Johansson Jakob, Ridefelt Peter, Basu Samar, Rubertsson Sten
Department of Surgical Sciences, Anaesthesiology and Intensive Care, Uppsala University Hospital, Uppsala S-751 85, Sweden.
Resuscitation. 2004 Jul;62(1):71-8. doi: 10.1016/j.resuscitation.2004.02.010.
To determine whether antithrombin (AT) administration during cardiopulmonary resuscitation (CPR) increased cerebral circulation and reduced reperfusion injury.
Ventricular fibrillation was induced in 24 anaesthetised pigs. After a 5-min non-intervention interval, CPR was started. The animals were randomised into two groups. The treatment group received AT (250 U/kg) and the control group received placebo, after 7 min of CPR. Defibrillation was attempted after 9 min of CPR. If restoration of spontaneous circulation (ROSC) was achieved, the animals were observed for 4 h. Cortical cerebral blood flow was measured using laser-Doppler flowmetry. Cerebral oxygen extraction was calculated to reflect the relation between global cerebral circulation and oxygen demand. Measurements of eicosanoids (8-iso-PGF(2alpha) and 15-keto-dihydro-PGF(2alpha)), AT, thrombin-antithrombin complex (TAT) and soluble fibrin in jugular bulb plasma were performed to detect any signs of cerebral oxidative injury, inflammation and coagulation.
There was no difference between the groups in cortical cerebral blood flow, cerebral oxygen extraction, or levels of eicosanoids, TAT or soluble fibrin in jugular bulb plasma after ROSC. In the control group reduction of AT began 15 min after ROSC and continued throughout the entire observation period (P < 0.05). Eicosanoids and TAT were increased compared to baseline in all animals (P < 0.01).

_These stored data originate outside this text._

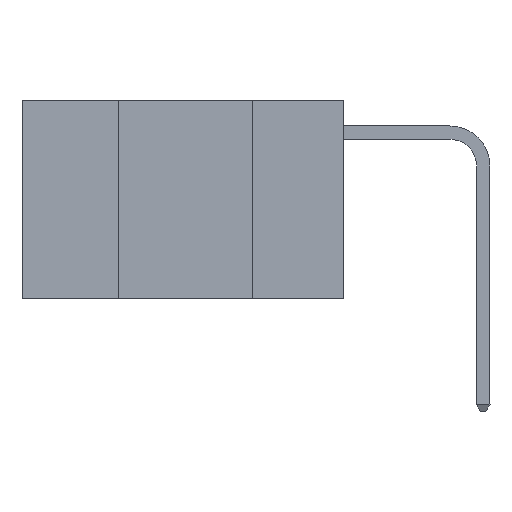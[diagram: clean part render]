
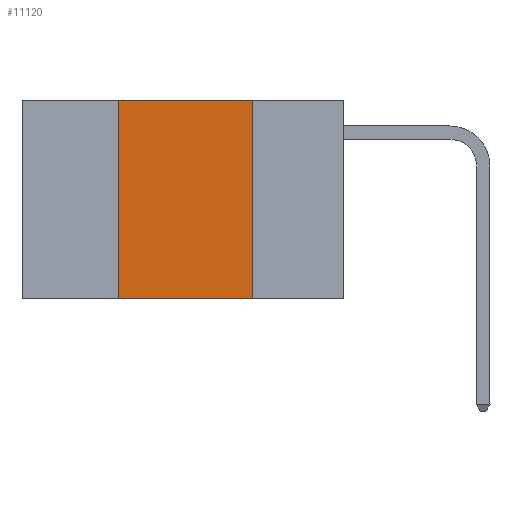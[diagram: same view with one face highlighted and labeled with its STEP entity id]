
A CAD part, left-side view. The second image highlights one B-rep face of the part: STEP entity #11120.
In plain terms, the highlighted planar face has unit normal (-1, 0, 0).
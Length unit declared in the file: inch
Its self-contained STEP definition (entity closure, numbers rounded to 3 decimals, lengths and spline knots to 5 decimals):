
#592 = EDGE_LOOP ( 'NONE', ( #3559, #3964, #1012, #9470 ) ) ;
#1012 = ORIENTED_EDGE ( 'NONE', *, *, #13200, .F. ) ;
#1290 = AXIS2_PLACEMENT_3D ( 'NONE', #1575, #4962, #12952 ) ;
#1481 = DIRECTION ( 'NONE',  ( 0., -1., 0. ) ) ;
#1575 = CARTESIAN_POINT ( 'NONE',  ( 0., 0.6, 0. ) ) ;
#1739 = DIRECTION ( 'NONE',  ( 0., 0., -1. ) ) ;
#2136 = VERTEX_POINT ( 'NONE', #3919 ) ;
#2759 = CARTESIAN_POINT ( 'NONE',  ( 0., 0.6, 0. ) ) ;
#3015 = VERTEX_POINT ( 'NONE', #14564 ) ;
#3559 = ORIENTED_EDGE ( 'NONE', *, *, #10039, .F. ) ;
#3651 = LINE ( 'NONE', #3992, #12060 ) ;
#3919 = CARTESIAN_POINT ( 'NONE',  ( 0., 0.17, -0.37 ) ) ;
#3964 = ORIENTED_EDGE ( 'NONE', *, *, #10637, .F. ) ;
#3992 = CARTESIAN_POINT ( 'NONE',  ( 0., 0.17, 0. ) ) ;
#4149 = VECTOR ( 'NONE', #11897, 39.37008 ) ;
#4962 = DIRECTION ( 'NONE',  ( 1., 0., 0. ) ) ;
#4999 = VECTOR ( 'NONE', #1481, 39.37008 ) ;
#5983 = CARTESIAN_POINT ( 'NONE',  ( 0., 0.6, -0.37 ) ) ;
#6687 = CARTESIAN_POINT ( 'NONE',  ( 0., 0.17, 0. ) ) ;
#7186 = FACE_OUTER_BOUND ( 'NONE', #592, .T. ) ;
#7726 = DIRECTION ( 'NONE',  ( 0., 0., 1. ) ) ;
#8050 = LINE ( 'NONE', #5983, #4999 ) ;
#8114 = PLANE ( 'NONE',  #1290 ) ;
#8447 = VECTOR ( 'NONE', #7726, 39.37008 ) ;
#8801 = LINE ( 'NONE', #14497, #8447 ) ;
#9171 = CARTESIAN_POINT ( 'NONE',  ( 0., 0.42, 0. ) ) ;
#9470 = ORIENTED_EDGE ( 'NONE', *, *, #14410, .T. ) ;
#9854 = LINE ( 'NONE', #2759, #4149 ) ;
#10039 = EDGE_CURVE ( 'NONE', #14171, #2136, #3651, .T. ) ;
#10372 = VERTEX_POINT ( 'NONE', #9171 ) ;
#10637 = EDGE_CURVE ( 'NONE', #10372, #14171, #9854, .T. ) ;
#11120 = ADVANCED_FACE ( 'NONE', ( #7186 ), #8114, .F. ) ;
#11897 = DIRECTION ( 'NONE',  ( 0., -1., 0. ) ) ;
#12060 = VECTOR ( 'NONE', #1739, 39.37008 ) ;
#12952 = DIRECTION ( 'NONE',  ( 0., 0., -1. ) ) ;
#13200 = EDGE_CURVE ( 'NONE', #3015, #10372, #8801, .T. ) ;
#14171 = VERTEX_POINT ( 'NONE', #6687 ) ;
#14410 = EDGE_CURVE ( 'NONE', #3015, #2136, #8050, .T. ) ;
#14497 = CARTESIAN_POINT ( 'NONE',  ( 0., 0.42, 0. ) ) ;
#14564 = CARTESIAN_POINT ( 'NONE',  ( 0., 0.42, -0.37 ) ) ;
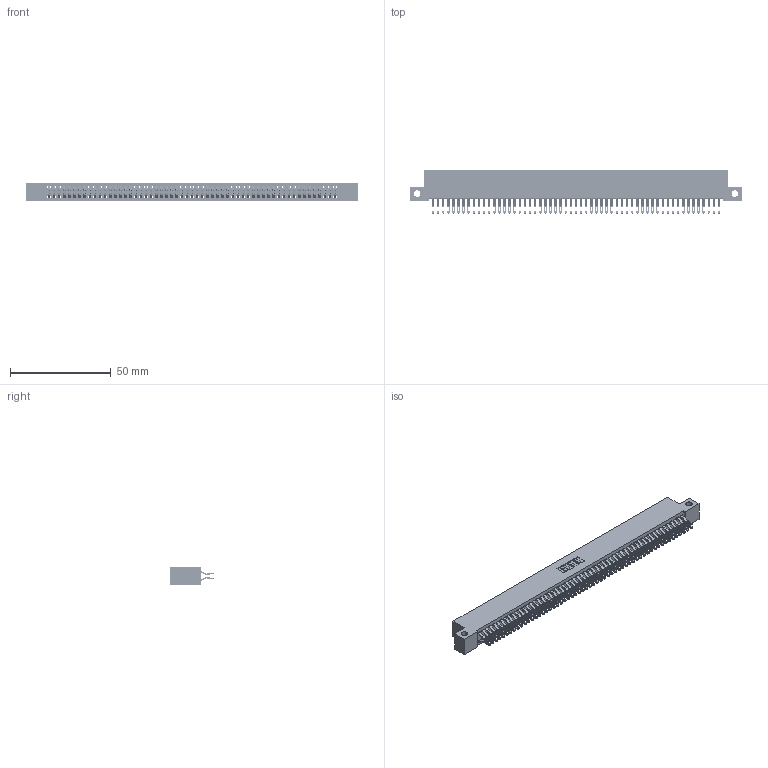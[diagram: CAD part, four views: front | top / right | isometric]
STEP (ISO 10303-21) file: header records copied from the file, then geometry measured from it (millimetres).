
FILE_DESCRIPTION (( 'STEP AP203' ), '1' );
FILE_NAME ('342-114-555-212.STEP', '2019-10-04T21:44:56', ( '' ), ( '' ), 'SwSTEP 2.0', 'SolidWorks 2016', '' );
FILE_SCHEMA (( 'CONFIG_CONTROL_DESIGN' ));
Length unit declared in the file: inch
Products named in the file (3): 342 Part_Side Mount; 345-292-001_555 Tail; 342-114-555-212
Assembly tree (115 placements, depth 2):
  342-114-555-212
    342 Part_Side Mount
    345-292-001_555 Tail  x114
Bounding box: 165.1 x 21.47 x 9.4 mm (x, y, z)
Volume: 15148.1 mm3; surface area: 25970.2 mm2
Topology: 115 solids, 115 shells, 6722 faces, 21161 edges, 14106 vertices
Faces by surface type: plane 3942, cylinder 2780
Entity records: 34927 total; most frequent: CARTESIAN_POINT 5804, ORIENTED_EDGE 5710, DIRECTION 4903, EDGE_CURVE 2855, LINE 2707, VECTOR 2707, VERTEX_POINT 1902, AXIS2_PLACEMENT_3D 1098
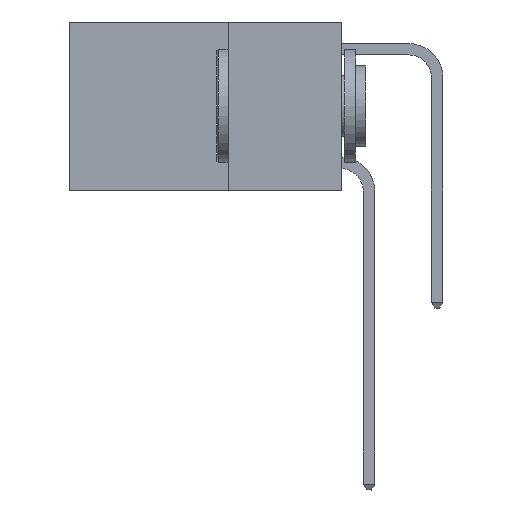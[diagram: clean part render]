
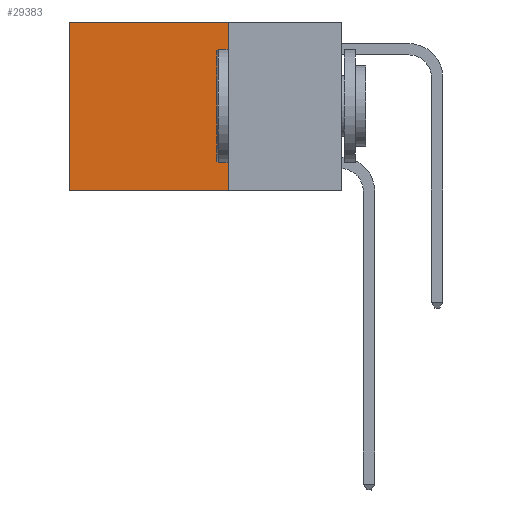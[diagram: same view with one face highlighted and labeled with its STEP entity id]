
A CAD part, left-side view. The second image highlights one B-rep face of the part: STEP entity #29383.
In plain terms, the highlighted planar face has unit normal (-1, 0, 0).
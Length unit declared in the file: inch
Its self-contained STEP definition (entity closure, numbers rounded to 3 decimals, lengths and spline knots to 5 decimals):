
#433 = VECTOR ( 'NONE', #14147, 39.37008 ) ;
#2933 = VECTOR ( 'NONE', #25438, 39.37008 ) ;
#5735 = FACE_OUTER_BOUND ( 'NONE', #13721, .T. ) ;
#5794 = CARTESIAN_POINT ( 'NONE',  ( 0.2625, 0.6, 0. ) ) ;
#7362 = ORIENTED_EDGE ( 'NONE', *, *, #12286, .F. ) ;
#7487 = CARTESIAN_POINT ( 'NONE',  ( 0.2625, 0.6, 0. ) ) ;
#7646 = PLANE ( 'NONE',  #22161 ) ;
#8552 = CARTESIAN_POINT ( 'NONE',  ( 0.2625, 0.25, -0.37 ) ) ;
#9157 = VECTOR ( 'NONE', #25484, 39.37008 ) ;
#9881 = LINE ( 'NONE', #7487, #433 ) ;
#10000 = VERTEX_POINT ( 'NONE', #8552 ) ;
#10788 = LINE ( 'NONE', #20438, #22857 ) ;
#12286 = EDGE_CURVE ( 'NONE', #20198, #10000, #25794, .T. ) ;
#13237 = CARTESIAN_POINT ( 'NONE',  ( 0.2625, 0.6, -0.37 ) ) ;
#13277 = EDGE_CURVE ( 'NONE', #20198, #26215, #10788, .T. ) ;
#13721 = EDGE_LOOP ( 'NONE', ( #27593, #19468, #7362, #31053 ) ) ;
#14013 = LINE ( 'NONE', #20834, #2933 ) ;
#14147 = DIRECTION ( 'NONE',  ( 0., 0., -1. ) ) ;
#14920 = DIRECTION ( 'NONE',  ( 1., 0., 0. ) ) ;
#15839 = CARTESIAN_POINT ( 'NONE',  ( 0.2625, 0.25, 0. ) ) ;
#17288 = CARTESIAN_POINT ( 'NONE',  ( 0.2625, 0.25, 0. ) ) ;
#17768 = VERTEX_POINT ( 'NONE', #13237 ) ;
#19468 = ORIENTED_EDGE ( 'NONE', *, *, #27140, .F. ) ;
#20198 = VERTEX_POINT ( 'NONE', #27859 ) ;
#20438 = CARTESIAN_POINT ( 'NONE',  ( 0.2625, 0.25, 0. ) ) ;
#20834 = CARTESIAN_POINT ( 'NONE',  ( 0.2625, 0.25, -0.37 ) ) ;
#22161 = AXIS2_PLACEMENT_3D ( 'NONE', #17288, #14920, #24576 ) ;
#22215 = EDGE_CURVE ( 'NONE', #26215, #17768, #9881, .T. ) ;
#22857 = VECTOR ( 'NONE', #30138, 39.37008 ) ;
#24576 = DIRECTION ( 'NONE',  ( 0., 0., -1. ) ) ;
#25438 = DIRECTION ( 'NONE',  ( 0., 1., 0. ) ) ;
#25484 = DIRECTION ( 'NONE',  ( 0., 0., -1. ) ) ;
#25794 = LINE ( 'NONE', #15839, #9157 ) ;
#26215 = VERTEX_POINT ( 'NONE', #5794 ) ;
#27140 = EDGE_CURVE ( 'NONE', #10000, #17768, #14013, .T. ) ;
#27593 = ORIENTED_EDGE ( 'NONE', *, *, #22215, .T. ) ;
#27859 = CARTESIAN_POINT ( 'NONE',  ( 0.2625, 0.25, 0. ) ) ;
#29383 = ADVANCED_FACE ( 'NONE', ( #5735 ), #7646, .F. ) ;
#30138 = DIRECTION ( 'NONE',  ( 0., 1., 0. ) ) ;
#31053 = ORIENTED_EDGE ( 'NONE', *, *, #13277, .T. ) ;
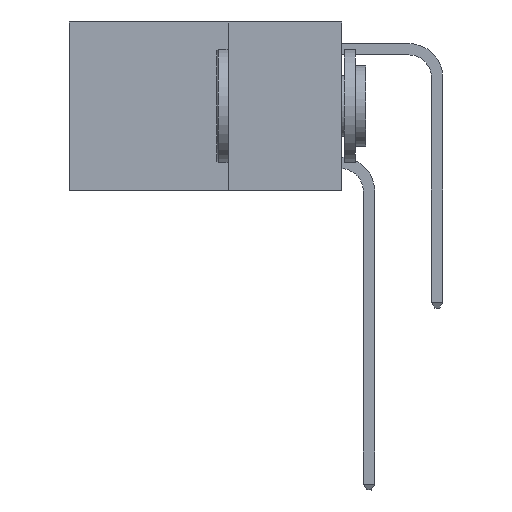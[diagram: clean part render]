
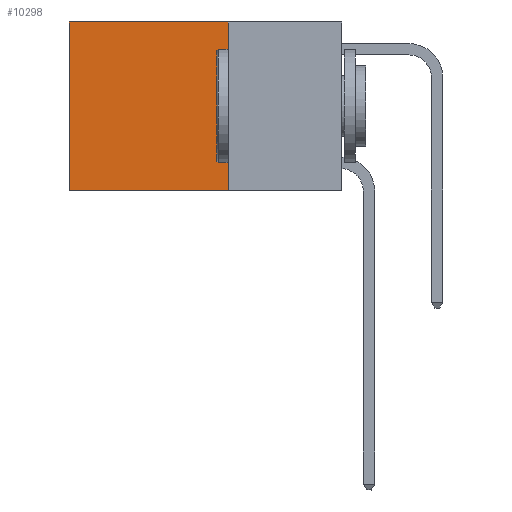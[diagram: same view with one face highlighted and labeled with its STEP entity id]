
A CAD part, left-side view. The second image highlights one B-rep face of the part: STEP entity #10298.
In plain terms, the highlighted planar face has unit normal (-1, 0, 0).
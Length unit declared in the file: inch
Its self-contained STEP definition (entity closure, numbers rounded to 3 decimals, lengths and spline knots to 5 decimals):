
#170 = ORIENTED_EDGE ( 'NONE', *, *, #17449, .F. ) ;
#933 = VECTOR ( 'NONE', #20498, 39.37008 ) ;
#1804 = EDGE_CURVE ( 'NONE', #7009, #22273, #16280, .T. ) ;
#3287 = CARTESIAN_POINT ( 'NONE',  ( 0.2625, 0.25, 0. ) ) ;
#4626 = AXIS2_PLACEMENT_3D ( 'NONE', #7105, #18590, #7188 ) ;
#5051 = FACE_OUTER_BOUND ( 'NONE', #14063, .T. ) ;
#5073 = DIRECTION ( 'NONE',  ( 0., 1., 0. ) ) ;
#5550 = CARTESIAN_POINT ( 'NONE',  ( 0.2625, 0.25, -0.37 ) ) ;
#6124 = CARTESIAN_POINT ( 'NONE',  ( 0.2625, 0.25, 0. ) ) ;
#6139 = VECTOR ( 'NONE', #5073, 39.37008 ) ;
#7009 = VERTEX_POINT ( 'NONE', #20362 ) ;
#7105 = CARTESIAN_POINT ( 'NONE',  ( 0.2625, 0.25, 0. ) ) ;
#7188 = DIRECTION ( 'NONE',  ( 0., 0., -1. ) ) ;
#7549 = CARTESIAN_POINT ( 'NONE',  ( 0.2625, 0.6, 0. ) ) ;
#8079 = EDGE_CURVE ( 'NONE', #20453, #13693, #9075, .T. ) ;
#8986 = PLANE ( 'NONE',  #4626 ) ;
#9075 = LINE ( 'NONE', #13814, #18640 ) ;
#10298 = ADVANCED_FACE ( 'NONE', ( #5051 ), #8986, .F. ) ;
#11344 = VECTOR ( 'NONE', #20821, 39.37008 ) ;
#12650 = ORIENTED_EDGE ( 'NONE', *, *, #8079, .T. ) ;
#13693 = VERTEX_POINT ( 'NONE', #19379 ) ;
#13814 = CARTESIAN_POINT ( 'NONE',  ( 0.2625, 0.25, 0. ) ) ;
#14063 = EDGE_LOOP ( 'NONE', ( #17664, #20834, #170, #12650 ) ) ;
#14173 = EDGE_CURVE ( 'NONE', #13693, #22273, #20276, .T. ) ;
#16280 = LINE ( 'NONE', #5550, #6139 ) ;
#17140 = CARTESIAN_POINT ( 'NONE',  ( 0.2625, 0.6, -0.37 ) ) ;
#17449 = EDGE_CURVE ( 'NONE', #20453, #7009, #20706, .T. ) ;
#17664 = ORIENTED_EDGE ( 'NONE', *, *, #14173, .T. ) ;
#17692 = DIRECTION ( 'NONE',  ( 0., 1., 0. ) ) ;
#18590 = DIRECTION ( 'NONE',  ( 1., 0., 0. ) ) ;
#18640 = VECTOR ( 'NONE', #17692, 39.37008 ) ;
#19379 = CARTESIAN_POINT ( 'NONE',  ( 0.2625, 0.6, 0. ) ) ;
#20276 = LINE ( 'NONE', #7549, #11344 ) ;
#20362 = CARTESIAN_POINT ( 'NONE',  ( 0.2625, 0.25, -0.37 ) ) ;
#20453 = VERTEX_POINT ( 'NONE', #6124 ) ;
#20498 = DIRECTION ( 'NONE',  ( 0., 0., -1. ) ) ;
#20706 = LINE ( 'NONE', #3287, #933 ) ;
#20821 = DIRECTION ( 'NONE',  ( 0., 0., -1. ) ) ;
#20834 = ORIENTED_EDGE ( 'NONE', *, *, #1804, .F. ) ;
#22273 = VERTEX_POINT ( 'NONE', #17140 ) ;

In this experimental model of CPR, AT administration did not increase cerebral circulation or reduce reperfusion injury after ROSC.
确定在心肺复苏(CPR)期间给予抗凝血酶(AT)是否能增加脑循环并减少再灌注损伤。
对24只麻醉猪诱发心室颤动。在5分钟的非干预间隔后,开始进行心肺复苏。将动物随机分为两组。在心肺复苏7分钟后,治疗组接受AT(250 U/kg),对照组接受安慰剂。在心肺复苏9分钟后尝试除颤。如果实现自主循环恢复(ROSC),则对动物观察4小时。使用激光多普勒血流仪测量大脑皮质血流量。计算脑氧摄取量以反映全脑循环与氧需求之间的关系。检测颈静脉球血浆中的类花生酸(8-异前列腺素F2α和15-酮二氢前列腺素F2α)、AT、凝血酶-抗凝血酶复合物(TAT)和可溶性纤维蛋白,以检测脑氧化损伤、炎症和凝血的任何迹象。
自主循环恢复后,两组在大脑皮质血流量、脑氧摄取量或颈静脉球血浆中的类花生酸、TAT或可溶性纤维蛋白水平方面没有差异。在对照组中,抗凝血酶在自主循环恢复后15分钟开始下降,并在整个观察期持续下降(P < 0.05)。与基线相比,所有动物的类花生酸和TAT均升高(P < 0.01)。
在这个心肺复苏实验模型中,给予抗凝血酶并没有增加脑循环或减少自主循环恢复后的再灌注损伤。